━━━ RECORDS TO USE

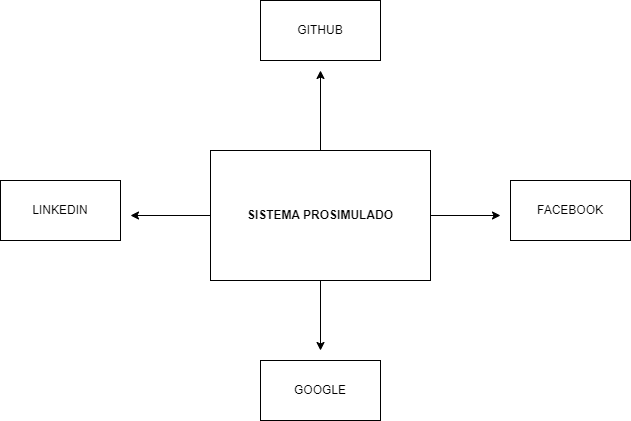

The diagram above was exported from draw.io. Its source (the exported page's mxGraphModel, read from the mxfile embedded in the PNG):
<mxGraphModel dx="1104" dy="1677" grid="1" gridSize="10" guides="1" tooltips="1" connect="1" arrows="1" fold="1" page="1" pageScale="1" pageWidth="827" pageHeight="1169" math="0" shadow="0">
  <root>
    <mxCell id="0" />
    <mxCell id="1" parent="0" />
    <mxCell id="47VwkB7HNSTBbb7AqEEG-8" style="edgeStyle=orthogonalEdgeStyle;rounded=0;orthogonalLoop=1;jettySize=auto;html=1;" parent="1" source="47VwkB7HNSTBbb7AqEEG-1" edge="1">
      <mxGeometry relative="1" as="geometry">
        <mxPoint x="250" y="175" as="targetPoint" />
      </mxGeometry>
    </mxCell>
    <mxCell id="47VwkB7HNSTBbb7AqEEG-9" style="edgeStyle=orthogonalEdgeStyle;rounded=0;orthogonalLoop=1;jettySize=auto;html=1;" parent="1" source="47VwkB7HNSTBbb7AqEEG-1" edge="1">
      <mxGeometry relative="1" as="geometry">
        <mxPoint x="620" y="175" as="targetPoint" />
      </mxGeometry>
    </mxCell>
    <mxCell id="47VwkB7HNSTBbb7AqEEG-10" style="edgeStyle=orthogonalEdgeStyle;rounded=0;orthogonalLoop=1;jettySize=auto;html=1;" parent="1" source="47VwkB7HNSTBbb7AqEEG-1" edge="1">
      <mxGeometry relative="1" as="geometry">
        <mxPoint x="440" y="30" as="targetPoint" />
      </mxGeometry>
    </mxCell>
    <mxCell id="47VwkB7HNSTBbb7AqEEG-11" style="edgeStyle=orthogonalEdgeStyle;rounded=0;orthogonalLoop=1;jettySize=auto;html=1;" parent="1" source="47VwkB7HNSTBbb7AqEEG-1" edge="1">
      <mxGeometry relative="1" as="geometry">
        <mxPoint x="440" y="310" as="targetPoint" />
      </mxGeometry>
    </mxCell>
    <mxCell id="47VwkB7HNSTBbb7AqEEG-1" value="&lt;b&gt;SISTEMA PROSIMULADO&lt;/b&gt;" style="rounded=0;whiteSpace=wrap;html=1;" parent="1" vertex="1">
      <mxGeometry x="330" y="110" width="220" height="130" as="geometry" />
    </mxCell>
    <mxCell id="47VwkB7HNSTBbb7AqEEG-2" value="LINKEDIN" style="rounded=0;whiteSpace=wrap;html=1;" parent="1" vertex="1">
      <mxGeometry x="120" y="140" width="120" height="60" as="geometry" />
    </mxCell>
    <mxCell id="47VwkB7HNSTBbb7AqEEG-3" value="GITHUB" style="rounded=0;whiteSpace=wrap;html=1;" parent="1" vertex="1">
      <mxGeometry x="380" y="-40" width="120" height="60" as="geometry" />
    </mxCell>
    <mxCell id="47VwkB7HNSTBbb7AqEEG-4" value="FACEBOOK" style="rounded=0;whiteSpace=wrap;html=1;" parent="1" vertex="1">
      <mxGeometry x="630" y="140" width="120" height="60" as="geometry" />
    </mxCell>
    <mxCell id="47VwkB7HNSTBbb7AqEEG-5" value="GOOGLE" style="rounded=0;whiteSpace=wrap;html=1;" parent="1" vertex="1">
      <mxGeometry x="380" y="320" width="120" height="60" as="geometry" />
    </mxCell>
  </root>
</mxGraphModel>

━━━━━━

PROBLEM STATEMENT: Set down all of the material word for word, minus its pictures.

WRITTEN SOLUTION:
The diagram above was exported from draw.io. Its source (the exported page's mxGraphModel, read from the mxfile embedded in the PNG):
<mxGraphModel dx="1104" dy="1677" grid="1" gridSize="10" guides="1" tooltips="1" connect="1" arrows="1" fold="1" page="1" pageScale="1" pageWidth="827" pageHeight="1169" math="0" shadow="0">
  <root>
    <mxCell id="0" />
    <mxCell id="1" parent="0" />
    <mxCell id="47VwkB7HNSTBbb7AqEEG-8" style="edgeStyle=orthogonalEdgeStyle;rounded=0;orthogonalLoop=1;jettySize=auto;html=1;" parent="1" source="47VwkB7HNSTBbb7AqEEG-1" edge="1">
      <mxGeometry relative="1" as="geometry">
        <mxPoint x="250" y="175" as="targetPoint" />
      </mxGeometry>
    </mxCell>
    <mxCell id="47VwkB7HNSTBbb7AqEEG-9" style="edgeStyle=orthogonalEdgeStyle;rounded=0;orthogonalLoop=1;jettySize=auto;html=1;" parent="1" source="47VwkB7HNSTBbb7AqEEG-1" edge="1">
      <mxGeometry relative="1" as="geometry">
        <mxPoint x="620" y="175" as="targetPoint" />
      </mxGeometry>
    </mxCell>
    <mxCell id="47VwkB7HNSTBbb7AqEEG-10" style="edgeStyle=orthogonalEdgeStyle;rounded=0;orthogonalLoop=1;jettySize=auto;html=1;" parent="1" source="47VwkB7HNSTBbb7AqEEG-1" edge="1">
      <mxGeometry relative="1" as="geometry">
        <mxPoint x="440" y="30" as="targetPoint" />
      </mxGeometry>
    </mxCell>
    <mxCell id="47VwkB7HNSTBbb7AqEEG-11" style="edgeStyle=orthogonalEdgeStyle;rounded=0;orthogonalLoop=1;jettySize=auto;html=1;" parent="1" source="47VwkB7HNSTBbb7AqEEG-1" edge="1">
      <mxGeometry relative="1" as="geometry">
        <mxPoint x="440" y="310" as="targetPoint" />
      </mxGeometry>
    </mxCell>
    <mxCell id="47VwkB7HNSTBbb7AqEEG-1" value="&lt;b&gt;SISTEMA PROSIMULADO&lt;/b&gt;" style="rounded=0;whiteSpace=wrap;html=1;" parent="1" vertex="1">
      <mxGeometry x="330" y="110" width="220" height="130" as="geometry" />
    </mxCell>
    <mxCell id="47VwkB7HNSTBbb7AqEEG-2" value="LINKEDIN" style="rounded=0;whiteSpace=wrap;html=1;" parent="1" vertex="1">
      <mxGeometry x="120" y="140" width="120" height="60" as="geometry" />
    </mxCell>
    <mxCell id="47VwkB7HNSTBbb7AqEEG-3" value="GITHUB" style="rounded=0;whiteSpace=wrap;html=1;" parent="1" vertex="1">
      <mxGeometry x="380" y="-40" width="120" height="60" as="geometry" />
    </mxCell>
    <mxCell id="47VwkB7HNSTBbb7AqEEG-4" value="FACEBOOK" style="rounded=0;whiteSpace=wrap;html=1;" parent="1" vertex="1">
      <mxGeometry x="630" y="140" width="120" height="60" as="geometry" />
    </mxCell>
    <mxCell id="47VwkB7HNSTBbb7AqEEG-5" value="GOOGLE" style="rounded=0;whiteSpace=wrap;html=1;" parent="1" vertex="1">
      <mxGeometry x="380" y="320" width="120" height="60" as="geometry" />
    </mxCell>
  </root>
</mxGraphModel>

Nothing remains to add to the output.